One of the assumption of building maintenance and particularly of planning of maintenance activities
is the evaluation of durability of building components, that is the capability of the single component to
maintain, during the time, the technological services of its assemblage.
The individualization of single element service life cycle is fundamental part of the process of
assessment of the time to intervene to realize the correct care of buildings.
In this period of big affirmation of programmed maintenance and of maintenance building instruments
aimed to guarantee conservation, recovery and value of buildings, an initiative of the Municipality of
Naples through Sirena Society is inserted to promote a recovery program of common parts of
buildings with contributions without restitution.
The paper discusses preventive maintenance and maintenance instruments and focuses upon the
analisis of defects and solutions of the floor covering element of a typical concrete building of the
historic centre of Naples. It proposes an example of building maintenance booklet, with a mainenance
handbook that suggests how to intervene, and a maintenance planning, that suggests when to
intervene, to preserve building quality during the years.
KEYWORDS
Programmed Maintenance, Maintenance booklet, Diagnostic schedules10DBMC International Conference on Durability of Building Materials and Components
LYON [France] 17-20 April 2005
1 INTRODUCTION
The planning of all activities carried out to the building during its service life, with the aim to preserve its
quality, the programmed maintenance, is a relevant argument, in the building national overview.
The maintenance idea is a part of the “project”; it introduces new action criteria, it changes obligations of all
the subjects involved in the building project, it defines new maintenance strategies.

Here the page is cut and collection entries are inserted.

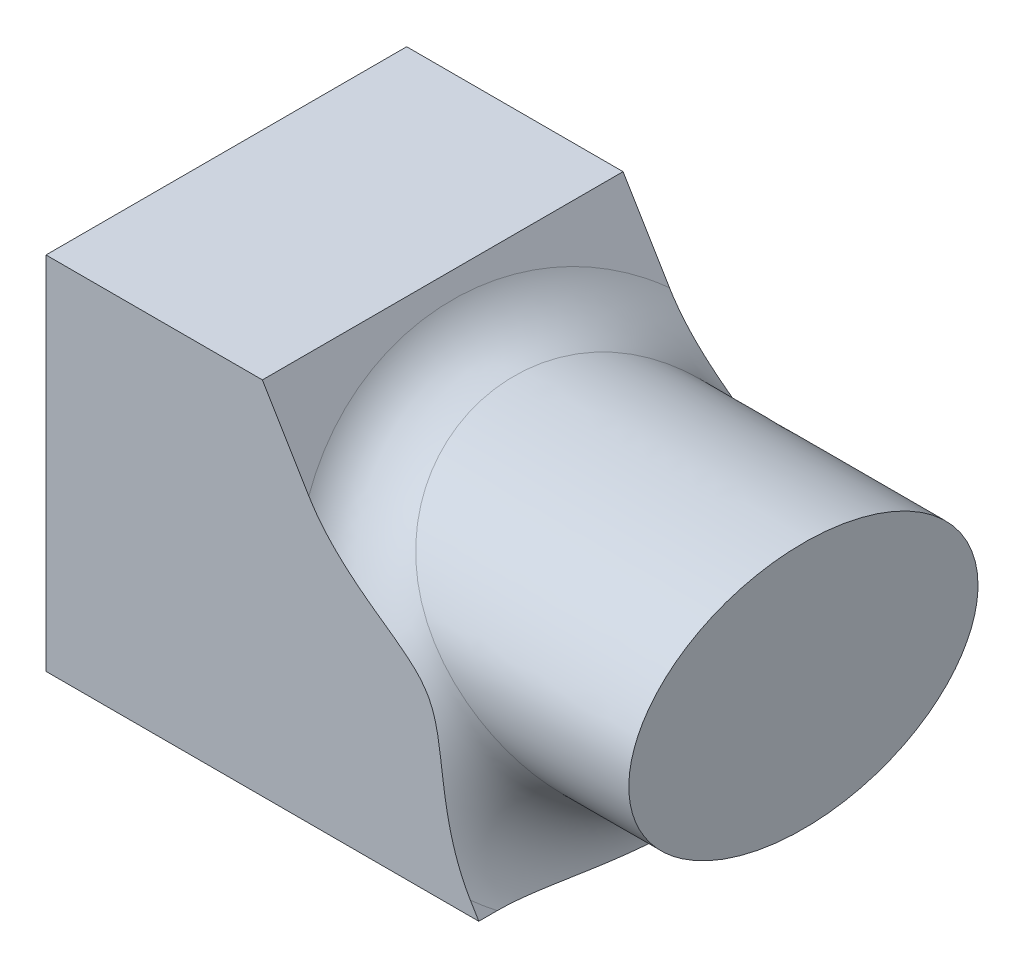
ISO-10303-21;
HEADER;
FILE_DESCRIPTION(('STEP AP214'),'2;1');
FILE_NAME('part.step','',(''),(''),'','','');
FILE_SCHEMA(('AUTOMOTIVE_DESIGN { 1 0 10303 214 1 1 1 1 }'));
ENDSEC;
DATA;
#1=APPLICATION_CONTEXT('core data for automotive mechanical design processes');
#2=APPLICATION_PROTOCOL_DEFINITION('international standard','automotive_design',2000,#1);
#3=PRODUCT_CONTEXT('',#1,'mechanical');
#4=PRODUCT('Part','Part','',(#3));
#5=PRODUCT_RELATED_PRODUCT_CATEGORY('part','',(#4));
#6=PRODUCT_DEFINITION_FORMATION('','',#4);
#7=PRODUCT_DEFINITION_CONTEXT('part definition',#1,'design');
#8=PRODUCT_DEFINITION('design','',#6,#7);
#9=PRODUCT_DEFINITION_SHAPE('','',#8);
#10=(LENGTH_UNIT() NAMED_UNIT(*) SI_UNIT(.MILLI.,.METRE.));
#11=(NAMED_UNIT(*) PLANE_ANGLE_UNIT() SI_UNIT($,.RADIAN.));
#12=(NAMED_UNIT(*) SI_UNIT($,.STERADIAN.) SOLID_ANGLE_UNIT());
#13=UNCERTAINTY_MEASURE_WITH_UNIT(LENGTH_MEASURE(1.E-05),#10,'distance_accuracy_value','');
#14=(GEOMETRIC_REPRESENTATION_CONTEXT(3) GLOBAL_UNCERTAINTY_ASSIGNED_CONTEXT((#13)) GLOBAL_UNIT_ASSIGNED_CONTEXT((#10,
#11,#12)) REPRESENTATION_CONTEXT('',''));
#15=CARTESIAN_POINT('',(0.,0.,0.));
#16=DIRECTION('',(0.,0.,1.));
#17=DIRECTION('',(1.,0.,0.));
#18=AXIS2_PLACEMENT_3D('',#15,#16,#17);
#19=CARTESIAN_POINT('',(60.,0.,25.));
#20=DIRECTION('',(-0.857492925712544,-0.514495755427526,0.));
#21=DIRECTION('',(0.514495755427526,-0.857492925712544,0.));
#22=AXIS2_PLACEMENT_3D('',#19,#20,#21);
#23=PLANE('',#22);
#24=DIRECTION('',(-0.514495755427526,0.857492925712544,0.));
#25=VECTOR('',#24,1.);
#26=CARTESIAN_POINT('',(60.,0.,-25.));
#27=LINE('',#26,#25);
#28=CARTESIAN_POINT('',(60.,0.,-25.));
#29=VERTEX_POINT('',#28);
#30=CARTESIAN_POINT('',(58.8337867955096,1.9436886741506,-25.));
#31=VERTEX_POINT('',#30);
#32=EDGE_CURVE('E113',#29,#31,#27,.T.);
#33=ORIENTED_EDGE('',*,*,#32,.T.);
#34=CARTESIAN_POINT('',(61.0989201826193,21.2138348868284,-23.3401120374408));
#35=CARTESIAN_POINT('',(56.9970875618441,19.073266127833,-22.5117894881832));
#36=CARTESIAN_POINT('',(54.379736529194,16.4013118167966,-25.3584221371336));
#37=CARTESIAN_POINT('',(51.7623854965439,13.7293575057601,-28.205054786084));
#38=CARTESIAN_POINT('',(52.5239909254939,12.4600151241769,-32.666210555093));
#39=CARTESIAN_POINT('',(60.6772421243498,21.6170960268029,-23.4961611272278));
#40=CARTESIAN_POINT('',(56.6300190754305,19.4507669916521,-22.7367688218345));
#41=CARTESIAN_POINT('',(54.0216388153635,16.8807854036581,-25.6087039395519));
#42=CARTESIAN_POINT('',(51.4145763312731,14.3090394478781,-28.4797171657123));
#43=CARTESIAN_POINT('',(52.1023128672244,13.1628118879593,-32.9381700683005));
#44=CARTESIAN_POINT('',(60.2495863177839,22.0216000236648,-23.6303638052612));
#45=CARTESIAN_POINT('',(56.2554228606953,19.8369132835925,-22.9436417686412));
#46=CARTESIAN_POINT('',(53.6566925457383,17.3699308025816,-25.8359177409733));
#47=CARTESIAN_POINT('',(51.0593464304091,14.9010892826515,-28.7274364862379));
#48=CARTESIAN_POINT('',(51.6746570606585,13.8755715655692,-33.1750238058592));
#49=CARTESIAN_POINT('',(59.3854193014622,22.8319114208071,-23.8563250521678));
#50=CARTESIAN_POINT('',(55.4947851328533,20.6247988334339,-23.318075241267));
#51=CARTESIAN_POINT('',(52.9153466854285,18.3655862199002,-26.2417084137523));
#52=CARTESIAN_POINT('',(50.3372863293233,16.1045227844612,-29.1645868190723));
#53=CARTESIAN_POINT('',(50.8104900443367,15.3158499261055,-33.5766523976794));
#54=CARTESIAN_POINT('',(58.9489085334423,23.2377187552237,-23.9480857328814));
#55=CARTESIAN_POINT('',(55.1087992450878,21.0264664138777,-23.4857774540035));
#56=CARTESIAN_POINT('',(52.5389476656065,18.8720953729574,-26.4202877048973));
#57=CARTESIAN_POINT('',(49.9705116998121,16.7158138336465,-29.3542298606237));
#58=CARTESIAN_POINT('',(50.3739792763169,16.0433678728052,-33.741430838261));
#59=CARTESIAN_POINT('',(58.0702658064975,24.0498835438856,-24.0901699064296));
#60=CARTESIAN_POINT('',(54.3281006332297,21.8445119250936,-23.7795344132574));
#61=CARTESIAN_POINT('',(51.7772433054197,19.900044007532,-26.7262884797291));
#62=CARTESIAN_POINT('',(49.227796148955,17.9536730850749,-29.6724754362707));
#63=CARTESIAN_POINT('',(49.495336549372,17.5077724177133,-33.9976195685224));
#64=CARTESIAN_POINT('',(57.6281343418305,24.4562409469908,-24.1404970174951));
#65=CARTESIAN_POINT('',(53.9334122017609,22.2608433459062,-23.9057499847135));
#66=CARTESIAN_POINT('',(51.3919387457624,20.4214821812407,-26.8537144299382));
#67=CARTESIAN_POINT('',(48.8518816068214,18.5801973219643,-29.8013124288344));
#68=CARTESIAN_POINT('',(49.0532050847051,18.2446581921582,-34.0890362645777));
#69=CARTESIAN_POINT('',(56.7414630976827,25.2691491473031,-24.2003414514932));
#70=CARTESIAN_POINT('',(53.1381831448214,23.1069449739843,-24.1140277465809));
#71=CARTESIAN_POINT('',(50.6151415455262,21.4765048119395,-27.0550082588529));
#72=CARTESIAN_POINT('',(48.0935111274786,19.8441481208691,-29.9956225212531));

It is a real cultural revolution that involves, especially, engineers, that are obliged to obtain competence to
plan maintenance. Time is a very important element to determine all the things which define different
maintenance strategies, control and intervention time and decisional models of building maintenance.
The result is that building maintenance cannot represent a marginal phase of the productive process.
Maintenance is not to be considered like a summary of reparative intervention but the totality of all the
activities, which are inside the building productive cycle, able to maintain quality and functionality of
buildings.
Programmed maintenance is based on scomposition of the building in single building components; here UNI
8290 introduces and sets out a classification of the technological system, dividing components in:
technological units classes, technological units and technical elements classes.
With particular reference to floore coverings, which are closings (how buildings are separated from the
external context), the Regulation differentiates, regarding to technological units, vertical closings, inferior
horizontal closings, horizontal closings on external spaces, superior closings.
A superior closing is a technological element, of a horizontal and sub-horizontal type, that separates the
building from the external spaces; these are intended as various external agents that are causes of degrade of
buildings and of building components. For example: sun, rain, wind, snow; and other unexpected events or
things that may cause defects and anomalies of building system.
At the end of the paper, a program of maintenance building activities criteria will be presented; in this
program, these activities have to be done during building service life, starting from the analysis of
pathologies, through the measurement and the analysis of the correspondent anomalies, arriving to the
preview recurrence of the same pathologies.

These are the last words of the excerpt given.